*Available records*:
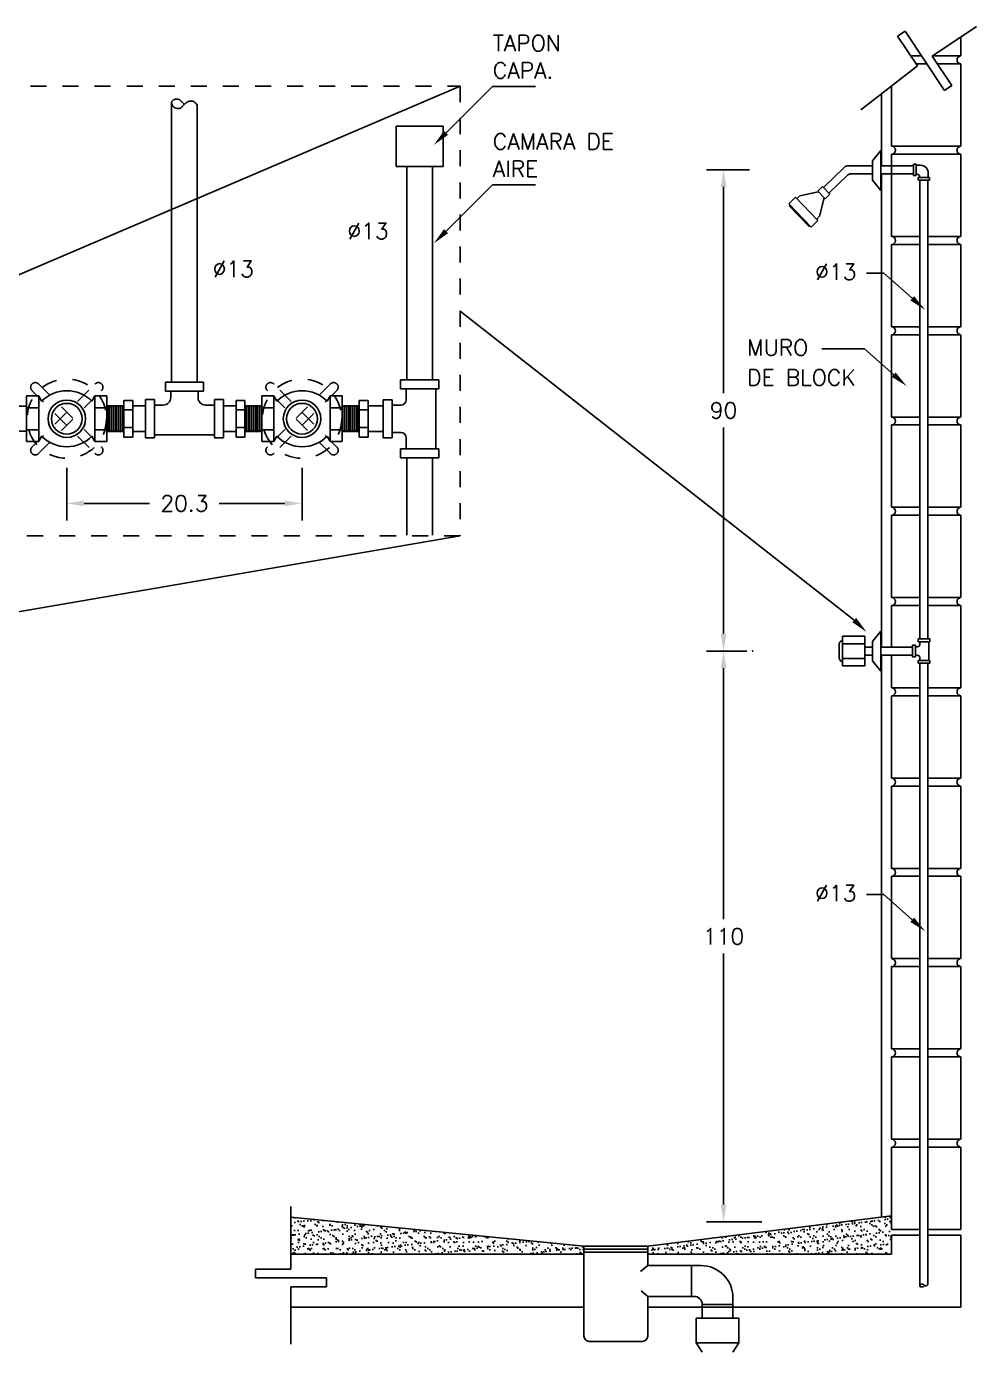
# Model space of a CAD drawing. Extents: x 145.7 to 190.5, y 293.8 to 329.7.
# Drawn here: x 151.66 to 157.59, y 308.81 to 317.04 of the extents above; entities that cross this region are included whole.
import ezdxf
from ezdxf.enums import TextEntityAlignment as Align

# ---------------------------------------------------------------- set-up
doc = ezdxf.new("R2010")
doc.units = 0
doc.header["$LTSCALE"] = 0.4
doc.header["$MEASUREMENT"] = 0
doc.linetypes.add('HIDDEN', pattern=[0.375, 0.25, -0.125])
for name, color, linetype in [('1', 2, 'CONTINUOUS'), ('A13', 130, 'CONTINUOUS'), ('LETRAS', 50, 'CONTINUOUS')]:
    doc.layers.add(name, color=color, linetype=linetype)
doc.styles.add('200SIM', font='SIMPLEX.shx', dxfattribs={"height": 0.15})
doc.styles.add('ROMANS', font='ROMANS.SHX', dxfattribs={"width": 1.5, "height": 0.3})
pattern_1 = [(37.5, (398.547045, 137.588777), (-0.001889801, 0.057804713), [0, -0.0456, 0, -0.051, 0, -0.04875]), (7.5, (398.547045, 137.58878), (0.053093301, 0.084664382), [0, -0.0246, 0, -0.0411, 0, -0.01575]), (327.5, (398.510145, 137.588777), (0.093424256, 0.000169772), [0, -0.015, 0, -0.054, 0, -0.0705]), (317.5, (398.510145, 137.58878), (0.090183798, 0.026330267), [0, -0.0075, 0, -0.0354, 0, -0.0405])]

msp = doc.modelspace()

# ---------------------------------------------------------------- hatches: boundary and pattern name
at = {"layer": 'LETRAS'}
h = msp.add_hatch(dxfattribs=at)
h.set_pattern_fill('AR-SAND', color=20, scale=0.03, style=0)
h.set_pattern_definition(pattern_1)
h.paths.add_polyline_path([(155.14, 309.3923), (153.3137, 309.3923), (153.3137, 309.6237), (155.14, 309.4416)])
h = msp.add_hatch(dxfattribs=at)
h.set_pattern_fill('AR-SAND', color=20, scale=0.03, style=0)
h.set_pattern_definition(pattern_1)
h.paths.add_polyline_path([(155.5372, 309.3923), (157.0564, 309.3923), (157.0564, 309.6323), (155.5372, 309.4416)])

# ---------------------------------------------------------------- linework, layer by layer
at = {"layer": '1', "color": 20}
msp.add_line((153.3137, 309.1889, 55.3421), (153.3137, 308.8307, 55.3421), dxfattribs=at)
at = {"layer": 'A13', "color": 20}
for p, q in [((157.5868, 317.0447, 55.3421), (157.3101, 316.8602, 55.3421)), ((157.1409, 317.0141, 55.3421), (157.0948, 316.9834, 55.3421)), ((157.0948, 316.9834, 55.3421), (157.2178, 316.7987, 55.3421)), ((157.3869, 316.6449, 55.3421), (157.1409, 317.0141, 55.3421)), ((157.2178, 316.7987, 55.3421), (156.8647, 316.524, 55.3421)), ((157.3101, 316.8602, 55.3421), (157.4331, 316.6756, 55.3421)), ((148.8846, 314.3284, 55.3421), (154.3684, 316.6729, 55.3421)), ((157.4331, 316.6756, 55.3421), (157.3869, 316.6449, 55.3421)), ((156.8245, 313.3445, 55.3421), (154.3684, 315.2709, 55.3421)), ((152.1697, 314.6837, 55.3421), (152.1697, 314.5153, 55.3421)), ((152.1816, 314.6837, 55.3421), (152.1816, 314.5153, 55.3421)), ((152.1935, 314.6837, 55.3421), (152.1935, 314.5153, 55.3421)), ((152.2054, 314.6837, 55.3421), (152.2054, 314.5153, 55.3421)), ((152.2173, 314.6837, 55.3421), (152.2173, 314.5153, 55.3421)), ((152.2292, 314.6837, 55.3421), (152.2292, 314.5153, 55.3421)), ((152.2411, 314.6837, 55.3421), (152.2411, 314.5153, 55.3421)), ((152.2531, 314.6837, 55.3421), (152.2531, 314.5153, 55.3421)), ((152.265, 314.6837, 55.3421), (152.265, 314.5153, 55.3421)), ((153.0345, 314.6837, 55.3421), (153.0345, 314.5153, 55.3421)), ((153.0464, 314.6837, 55.3421), (153.0464, 314.5153, 55.3421)), ((153.0583, 314.6837, 55.3421), (153.0583, 314.5153, 55.3421)), ((153.0702, 314.6837, 55.3421), (153.0702, 314.5153, 55.3421)), ((153.0822, 314.6837, 55.3421), (153.0822, 314.5153, 55.3421)), ((153.0941, 314.6837, 55.3421), (153.0941, 314.5153, 55.3421)), ((153.106, 314.6837, 55.3421), (153.106, 314.5153, 55.3421)), ((153.1179, 314.6837, 55.3421), (153.1179, 314.5153, 55.3421)), ((153.1298, 314.6837, 55.3421), (153.1298, 314.5153, 55.3421)), ((153.6359, 314.6837, 55.3421), (153.6359, 314.5153, 55.3421)), ((153.6478, 314.6837, 55.3421), (153.6478, 314.5153, 55.3421)), ((153.6597, 314.6837, 55.3421), (153.6597, 314.5153, 55.3421)), ((153.6716, 314.6837, 55.3421), (153.6716, 314.5153, 55.3421)), ((153.6835, 314.6837, 55.3421), (153.6835, 314.5153, 55.3421)), ((153.6954, 314.6837, 55.3421), (153.6954, 314.5153, 55.3421)), ((153.7073, 314.6837, 55.3421), (153.7073, 314.5153, 55.3421)), ((153.7193, 314.6837, 55.3421), (153.7193, 314.5153, 55.3421)), ((153.7312, 314.6837, 55.3421), (153.7312, 314.5153, 55.3421)), ((148.8846, 312.9264, 55.3421), (154.3684, 313.869, 55.3421)), ((156.7294, 313.1882, 55.3421), (156.7294, 313.1151, 55.3421)), ((156.7502, 313.1975, 55.3421), (156.8908, 313.1975, 55.3421)), ((156.7502, 313.1058, 55.3421), (156.8908, 313.1058, 55.3421)), ((153.3137, 309.69, 55.3421), (153.3137, 309.2998, 55.3421)), ((155.14, 309.4228, 55.3421), (155.5372, 309.4228, 55.3421)), ((155.14, 309.404, 55.3421), (155.5372, 309.404, 55.3421)), ((153.0918, 309.2998, 55.3421), (153.0918, 309.2443, 55.3421)), ((153.3137, 309.2998, 55.3421), (153.0918, 309.2998, 55.3421)), ((153.0918, 309.2443, 55.3421), (153.5355, 309.2443, 55.3421)), ((153.5355, 309.2443, 55.3421), (153.5355, 309.1889, 55.3421)), ((153.5355, 309.1889, 55.3421), (153.3137, 309.1889, 55.3421))]:
    msp.add_line(p, q, dxfattribs=at)
at = {"layer": 'A13'}
for p, q in [((157.4897, 316.98, 55.3421), (157.4897, 316.8606, 55.3421)), ((157.1766, 316.8606, 55.3421), (157.2432, 316.8606, 55.3421)), ((157.3106, 316.8606, 55.3421), (157.4897, 316.8606, 55.3421)), ((157.2097, 316.8109, 55.3421), (157.2763, 316.8109, 55.3421)), ((157.3429, 316.8109, 55.3421), (157.4897, 316.8109, 55.3421)), ((157.4897, 316.8109, 55.3421), (157.4897, 316.5581, 55.3421)), ((157.0564, 316.6731, 55.3421), (157.0564, 316.5581, 55.3421)), ((152.569, 316.57, 55.3421), (152.5692, 316.5711, 55.3421)), ((152.5691, 316.5688, 55.3421), (152.569, 316.57, 55.3421)), ((152.5692, 316.5675, 55.3421), (152.5691, 316.5688, 55.3421)), ((152.5692, 316.5711, 55.3421), (152.5694, 316.5723, 55.3421)), ((152.5695, 316.5663, 55.3421), (152.5692, 316.5675, 55.3421)), ((152.5694, 316.5723, 55.3421), (152.5697, 316.5735, 55.3421)), ((152.5694, 316.5724, 55.3421), (152.5694, 314.8274, 55.3421)), ((152.5698, 316.565, 55.3421), (152.5695, 316.5663, 55.3421)), ((152.5697, 316.5735, 55.3421), (152.5702, 316.5746, 55.3421)), ((152.5703, 316.5636, 55.3421), (152.5698, 316.565, 55.3421)), ((152.5702, 316.5746, 55.3421), (152.5708, 316.5758, 55.3421)), ((152.5708, 316.5623, 55.3421), (152.5703, 316.5636, 55.3421)), ((152.5708, 316.5758, 55.3421), (152.5715, 316.577, 55.3421)), ((152.5714, 316.5609, 55.3421), (152.5708, 316.5623, 55.3421)), ((152.572, 316.5595, 55.3421), (152.5714, 316.5609, 55.3421)), ((152.5715, 316.577, 55.3421), (152.5724, 316.5783, 55.3421)), ((152.5727, 316.5581, 55.3421), (152.572, 316.5595, 55.3421)), ((152.5724, 316.5783, 55.3421), (152.5734, 316.5796, 55.3421)), ((152.5734, 316.5567, 55.3421), (152.5727, 316.5581, 55.3421)), ((152.5734, 316.5796, 55.3421), (152.5745, 316.5809, 55.3421)), ((152.5741, 316.5553, 55.3421), (152.5734, 316.5567, 55.3421)), ((152.5748, 316.5539, 55.3421), (152.5741, 316.5553, 55.3421)), ((152.5745, 316.5809, 55.3421), (152.5757, 316.5821, 55.3421)), ((152.5755, 316.5525, 55.3421), (152.5748, 316.5539, 55.3421)), ((152.5763, 316.5511, 55.3421), (152.5755, 316.5525, 55.3421)), ((152.5757, 316.5821, 55.3421), (152.5771, 316.5834, 55.3421)), ((152.5771, 316.5498, 55.3421), (152.5763, 316.5511, 55.3421)), ((152.5771, 316.5834, 55.3421), (152.5786, 316.5846, 55.3421)), ((152.578, 316.5484, 55.3421), (152.5771, 316.5498, 55.3421)), ((152.579, 316.5471, 55.3421), (152.578, 316.5484, 55.3421)), ((152.5786, 316.5846, 55.3421), (152.5803, 316.5857, 55.3421)), ((152.58, 316.5458, 55.3421), (152.579, 316.5471, 55.3421)), ((152.5812, 316.5445, 55.3421), (152.58, 316.5458, 55.3421)), ((152.5803, 316.5857, 55.3421), (152.582, 316.5867, 55.3421)), ((152.5824, 316.5432, 55.3421), (152.5812, 316.5445, 55.3421)), ((152.582, 316.5867, 55.3421), (152.5839, 316.5877, 55.3421)), ((152.5838, 316.542, 55.3421), (152.5824, 316.5432, 55.3421)), ((152.5852, 316.5409, 55.3421), (152.5838, 316.542, 55.3421)), ((152.5839, 316.5877, 55.3421), (152.586, 316.5885, 55.3421)), ((152.5867, 316.5398, 55.3421), (152.5852, 316.5409, 55.3421)), ((152.586, 316.5885, 55.3421), (152.5881, 316.5893, 55.3421)), ((152.5884, 316.5387, 55.3421), (152.5867, 316.5398, 55.3421)), ((152.5881, 316.5893, 55.3421), (152.5902, 316.5899, 55.3421)), ((152.5901, 316.5377, 55.3421), (152.5884, 316.5387, 55.3421)), ((152.5919, 316.5369, 55.3421), (152.5901, 316.5377, 55.3421)), ((152.5902, 316.5899, 55.3421), (152.5925, 316.5904, 55.3421)), ((152.5938, 316.5361, 55.3421), (152.5919, 316.5369, 55.3421)), ((152.5925, 316.5904, 55.3421), (152.5947, 316.5909, 55.3421)), ((152.5957, 316.5353, 55.3421), (152.5938, 316.5361, 55.3421)), ((152.5947, 316.5909, 55.3421), (152.5969, 316.5912, 55.3421)), ((152.5977, 316.5347, 55.3421), (152.5957, 316.5353, 55.3421)), ((152.5969, 316.5912, 55.3421), (152.599, 316.5914, 55.3421)), ((152.5998, 316.5342, 55.3421), (152.5977, 316.5347, 55.3421)), ((152.599, 316.5914, 55.3421), (152.6012, 316.5915, 55.3421)), ((152.6019, 316.5337, 55.3421), (152.5998, 316.5342, 55.3421)), ((152.6012, 316.5915, 55.3421), (152.6032, 316.5915, 55.3421)), ((152.6041, 316.5334, 55.3421), (152.6019, 316.5337, 55.3421)), ((152.6032, 316.5915, 55.3421), (152.6052, 316.5914, 55.3421)), ((152.6062, 316.5332, 55.3421), (152.6041, 316.5334, 55.3421)), ((152.6052, 316.5914, 55.3421), (152.6071, 316.5912, 55.3421)), ((152.6084, 316.533, 55.3421), (152.6062, 316.5332, 55.3421)), ((152.6071, 316.5912, 55.3421), (152.6089, 316.5909, 55.3421)), ((152.6105, 316.533, 55.3421), (152.6084, 316.533, 55.3421)), ((152.6089, 316.5909, 55.3421), (152.6107, 316.5905, 55.3421)), ((152.6126, 316.533, 55.3421), (152.6105, 316.533, 55.3421)), ((152.6107, 316.5905, 55.3421), (152.6123, 316.59, 55.3421)), ((152.6123, 316.59, 55.3421), (152.6139, 316.5895, 55.3421)), ((152.6147, 316.5332, 55.3421), (152.6126, 316.533, 55.3421)), ((152.6139, 316.5895, 55.3421), (152.6154, 316.5889, 55.3421)), ((152.6168, 316.5335, 55.3421), (152.6147, 316.5332, 55.3421)), ((152.6154, 316.5889, 55.3421), (152.6169, 316.5883, 55.3421)), ((152.6188, 316.5339, 55.3421), (152.6168, 316.5335, 55.3421)), ((152.6169, 316.5883, 55.3421), (152.6183, 316.5876, 55.3421)), ((152.6183, 316.5876, 55.3421), (152.6196, 316.5868, 55.3421)), ((152.6208, 316.5344, 55.3421), (152.6188, 316.5339, 55.3421)), ((152.6196, 316.5868, 55.3421), (152.621, 316.5859, 55.3421)), ((152.6227, 316.5351, 55.3421), (152.6208, 316.5344, 55.3421)), ((152.621, 316.5859, 55.3421), (152.6223, 316.585, 55.3421)), ((152.6223, 316.585, 55.3421), (152.6237, 316.584, 55.3421)), ((152.6246, 316.5359, 55.3421), (152.6227, 316.5351, 55.3421)), ((152.6237, 316.584, 55.3421), (152.6251, 316.5829, 55.3421)), ((152.6264, 316.5369, 55.3421), (152.6246, 316.5359, 55.3421)), ((152.6251, 316.5829, 55.3421), (152.6266, 316.5817, 55.3421)), ((152.6281, 316.538, 55.3421), (152.6264, 316.5369, 55.3421)), ((152.6266, 316.5817, 55.3421), (152.6281, 316.5804, 55.3421)), ((152.6281, 316.5804, 55.3421), (152.6296, 316.5791, 55.3421)), ((152.6299, 316.5393, 55.3421), (152.6281, 316.538, 55.3421)), ((152.6296, 316.5791, 55.3421), (152.6312, 316.5777, 55.3421)), ((152.6315, 316.5406, 55.3421), (152.6299, 316.5393, 55.3421)), ((152.6312, 316.5777, 55.3421), (152.6328, 316.5763, 55.3421)), ((152.6332, 316.5421, 55.3421), (152.6315, 316.5406, 55.3421)), ((152.6328, 316.5763, 55.3421), (152.6343, 316.5748, 55.3421)), ((152.6349, 316.5437, 55.3421), (152.6332, 316.5421, 55.3421)), ((152.6343, 316.5748, 55.3421), (152.6359, 316.5733, 55.3421)), ((152.6365, 316.5453, 55.3421), (152.6349, 316.5437, 55.3421)), ((152.6359, 316.5733, 55.3421), (152.6373, 316.5718, 55.3421)), ((152.6381, 316.5471, 55.3421), (152.6365, 316.5453, 55.3421)), ((152.6373, 316.5718, 55.3421), (152.6387, 316.5703, 55.3421)), ((152.6398, 316.5489, 55.3421), (152.6381, 316.5471, 55.3421)), ((152.6387, 316.5703, 55.3421), (152.6401, 316.5688, 55.3421)), ((152.6415, 316.5508, 55.3421), (152.6398, 316.5489, 55.3421)), ((152.6401, 316.5688, 55.3421), (152.6415, 316.5673, 55.3421)), ((152.6415, 316.5673, 55.3421), (152.6428, 316.5657, 55.3421)), ((152.6431, 316.5527, 55.3421), (152.6415, 316.5508, 55.3421)), ((152.6428, 316.5657, 55.3421), (152.6441, 316.5641, 55.3421)), ((152.6449, 316.5547, 55.3421), (152.6431, 316.5527, 55.3421)), ((152.6441, 316.5641, 55.3421), (152.6455, 316.5625, 55.3421)), ((152.6466, 316.5566, 55.3421), (152.6449, 316.5547, 55.3421)), ((152.6455, 316.5625, 55.3421), (152.6468, 316.5608, 55.3421)), ((152.6484, 316.5585, 55.3421), (152.6466, 316.5566, 55.3421)), ((152.6468, 316.5608, 55.3421), (152.6483, 316.559, 55.3421)), ((152.6502, 316.5604, 55.3421), (152.6484, 316.5585, 55.3421)), ((152.6521, 316.5623, 55.3421), (152.6502, 316.5604, 55.3421)), ((152.654, 316.564, 55.3421), (152.6521, 316.5623, 55.3421)), ((152.656, 316.5657, 55.3421), (152.654, 316.564, 55.3421)), ((152.658, 316.5673, 55.3421), (152.656, 316.5657, 55.3421)), ((152.66, 316.5688, 55.3421), (152.658, 316.5673, 55.3421)), ((152.6621, 316.5702, 55.3421), (152.66, 316.5688, 55.3421)), ((152.6642, 316.5715, 55.3421), (152.6621, 316.5702, 55.3421)), ((152.6664, 316.5727, 55.3421), (152.6642, 316.5715, 55.3421)), ((152.6686, 316.5738, 55.3421), (152.6664, 316.5727, 55.3421)), ((152.6708, 316.5748, 55.3421), (152.6686, 316.5738, 55.3421)), ((152.673, 316.5757, 55.3421), (152.6708, 316.5748, 55.3421)), ((152.6753, 316.5765, 55.3421), (152.673, 316.5757, 55.3421)), ((152.6776, 316.5772, 55.3421), (152.6753, 316.5765, 55.3421)), ((152.6799, 316.5778, 55.3421), (152.6776, 316.5772, 55.3421)), ((152.6823, 316.5783, 55.3421), (152.6799, 316.5778, 55.3421)), ((152.6847, 316.5787, 55.3421), (152.6823, 316.5783, 55.3421)), ((152.6872, 316.579, 55.3421), (152.6847, 316.5787, 55.3421)), ((152.6897, 316.5793, 55.3421), (152.6872, 316.579, 55.3421)), ((152.6922, 316.5794, 55.3421), (152.6897, 316.5793, 55.3421)), ((152.6948, 316.5795, 55.3421), (152.6922, 316.5794, 55.3421)), ((152.6974, 316.5793, 55.3421), (152.6948, 316.5795, 55.3421)), ((152.7, 316.579, 55.3421), (152.6974, 316.5793, 55.3421)), ((152.7026, 316.5785, 55.3421), (152.7, 316.579, 55.3421)), ((152.7052, 316.5777, 55.3421), (152.7026, 316.5785, 55.3421)), ((152.7078, 316.5766, 55.3421), (152.7052, 316.5777, 55.3421)), ((152.7103, 316.5753, 55.3421), (152.7078, 316.5766, 55.3421)), ((152.7129, 316.5735, 55.3421), (152.7103, 316.5753, 55.3421)), ((152.7155, 316.5711, 55.3421), (152.7129, 316.5735, 55.3421)), ((152.7183, 316.568, 55.3421), (152.7155, 316.5711, 55.3421)), ((152.7213, 316.5642, 55.3421), (152.7183, 316.568, 55.3421)), ((152.7245, 316.5593, 55.3421), (152.7213, 316.5642, 55.3421)), ((152.7281, 316.5534, 55.3421), (152.7245, 316.5593, 55.3421)), ((152.7301, 316.5499, 55.3421), (152.7281, 316.5534, 55.3421)), ((152.7293, 316.5514, 55.3421), (152.7293, 314.8274, 55.3421)), ((157.0564, 316.5581, 55.3421), (157.0564, 316.2979, 55.3421)), ((157.4897, 316.5581, 55.3421), (157.4897, 316.2979, 55.3421)), ((153.9704, 316.4225, 55.3421), (153.9704, 316.1726, 55.3421)), ((154.262, 316.4225, 55.3421), (153.9704, 316.4225, 55.3421)), ((154.262, 316.1726, 55.3421), (154.262, 316.4225, 55.3421)), ((157.0564, 316.2979, 55.3421), (157.4897, 316.2979, 55.3421)), ((156.9386, 316.2062, 55.3421), (156.9899, 316.2703, 55.3421)), ((156.9386, 316.0858, 55.3421), (156.9386, 316.2062, 55.3421)), ((156.9899, 316.0217, 55.3421), (156.9899, 316.2703, 55.3421)), ((157.0564, 316.2483, 55.3421), (157.0564, 315.9863, 55.3421)), ((157.0564, 316.2483, 55.3421), (157.4897, 316.2483, 55.3421)), ((157.4897, 316.2483, 55.3421), (157.4897, 315.9863, 55.3421)), ((153.9704, 316.1726, 55.3421), (154.262, 316.1726, 55.3421)), ((154.0363, 314.8421, 55.3421), (154.0363, 316.1726, 55.3421)), ((154.1961, 314.8421, 55.3421), (154.1961, 316.1726, 55.3421)), ((156.6322, 316.0407, 55.3421), (156.7633, 316.1669, 55.3421)), ((156.7862, 316.1762, 55.3421), (156.9386, 316.1762, 55.3421)), ((156.8062, 316.1266, 55.3421), (156.9386, 316.1266, 55.3421)), ((156.9899, 316.1762, 55.3421), (157.1943, 316.1762, 55.3421)), ((156.9899, 316.1266, 55.3421), (157.1943, 316.1266, 55.3421)), ((157.1943, 316.1158, 55.3421), (157.1943, 316.187, 55.3421)), ((157.1943, 316.187, 55.3421), (157.2109, 316.187, 55.3421)), ((157.2109, 316.187, 55.3421), (157.2109, 316.1158, 55.3421)), ((157.2109, 316.179, 55.3421), (157.2383, 316.179, 55.3421)), ((157.2109, 316.179, 55.3421), (157.2212, 316.179, 55.3421)), ((157.2109, 316.1238, 55.3421), (157.2175, 316.1238, 55.3421)), ((157.2109, 316.1238, 55.3421), (157.2175, 316.1238, 55.3421)), ((157.2856, 316.1029, 55.3421), (157.2856, 316.1317, 55.3421)), ((156.5973, 316.0177, 55.3421), (156.6269, 316.0462, 55.3421)), ((156.6269, 316.0462, 55.3421), (156.672, 315.9993, 55.3421)), ((156.6667, 316.0049, 55.3421), (156.7833, 316.1173, 55.3421)), ((156.9386, 316.0858, 55.3421), (156.9899, 316.0217, 55.3421)), ((157.2109, 316.1158, 55.3421), (157.1943, 316.1158, 55.3421)), ((157.2943, 316.1029, 55.3421), (157.2231, 316.1029, 55.3421)), ((157.2231, 316.1029, 55.3421), (157.2231, 316.0863, 55.3421)), ((157.2231, 316.0863, 55.3421), (157.2943, 316.0863, 55.3421)), ((157.2318, 316.1029, 55.3421), (157.2318, 316.1095, 55.3421)), ((157.234, 313.227, 55.3421), (157.234, 316.0863, 55.3421)), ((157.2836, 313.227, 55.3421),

*What the exercise asks*: If a line holds the string "LETRAS", it counts; please state how many such lines there are in the data, with nothing more.

*Response to the task*: 2